=== WHAT THE EXERCISE ASKS ===
Would you retype, word for word, the line with "plane through (0, 0, 0)" and every line after it through the end of the records below?

INFORMATION SUPPLIED: Begin

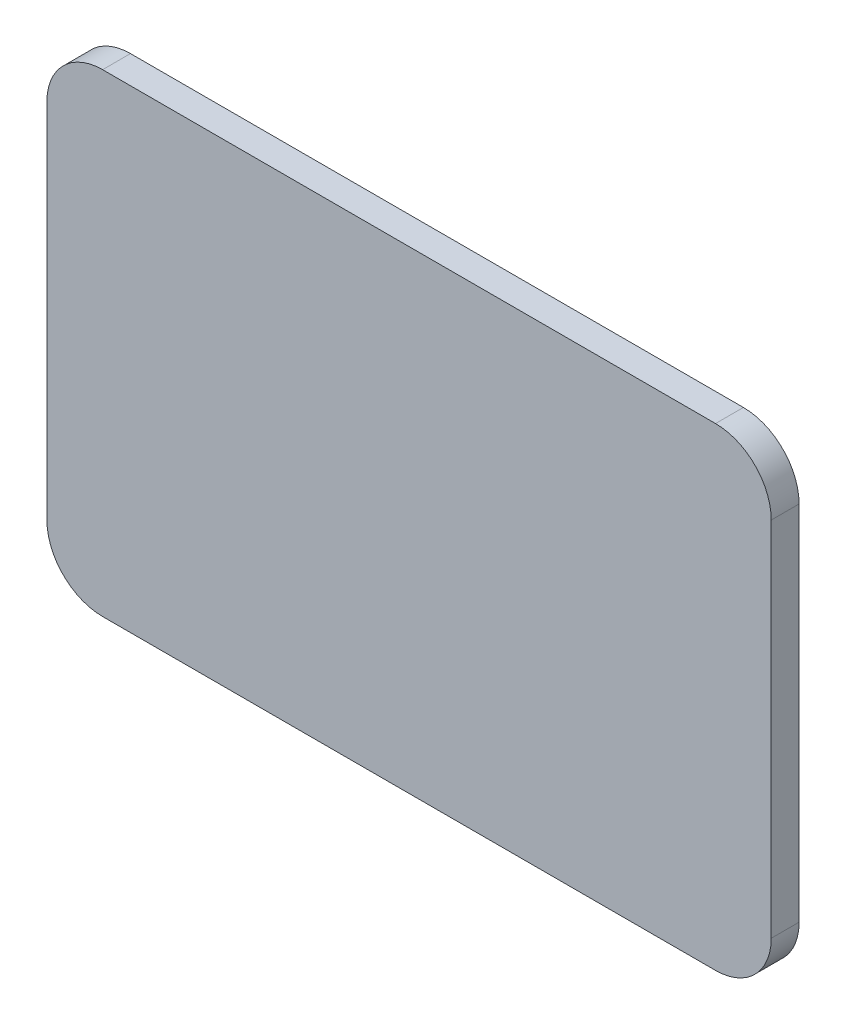
SolidWorks part; units mm, degrees
ref_plane "前视基准面" through (0, 0, 0) normal (0, 0, 1) x (1, 0, 0)
ref_plane "上视基准面" through (0, 0, 0) normal (0, 1, 0) x (1, 0, 0)
ref_plane "右视基准面" through (0, 0, 0) normal (1, 0, 0) x (0, 0, -1)
other "Configuration Table"
sketch "草图1" plane through (0, 0, 0) normal (0, 0, 1) x (1, 0, 0)
  line L0 (0, 0) -> (26, 0)
  line L1 (26, 0) -> (26, 17)
  line L2 (26, 17) -> (0, 17)
  line L3 (0, 17) -> (0, 0)
  dimension "width" = 26
  dimension "height" = 17
extrude "BlockExtrude" add sketch "草图1" along normal blind 1
fillet "Fillet" radius 2 4 edges at (0, 17, 0.5) (26, 17, 0.5) (26, 0, 0.5) (0, 0, 0.5) tangent propagation no

INFORMATION SUPPLIED: End

=== SOLUTION ===
sketch "草图1" plane through (0, 0, 0) normal (0, 0, 1) x (1, 0, 0)
  line L0 (0, 0) -> (26, 0)
  line L1 (26, 0) -> (26, 17)
  line L2 (26, 17) -> (0, 17)
  line L3 (0, 17) -> (0, 0)
  dimension "width" = 26
  dimension "height" = 17
extrude "BlockExtrude" add sketch "草图1" along normal blind 1
fillet "Fillet" radius 2 4 edges at (0, 17, 0.5) (26, 17, 0.5) (26, 0, 0.5) (0, 0, 0.5) tangent propagation no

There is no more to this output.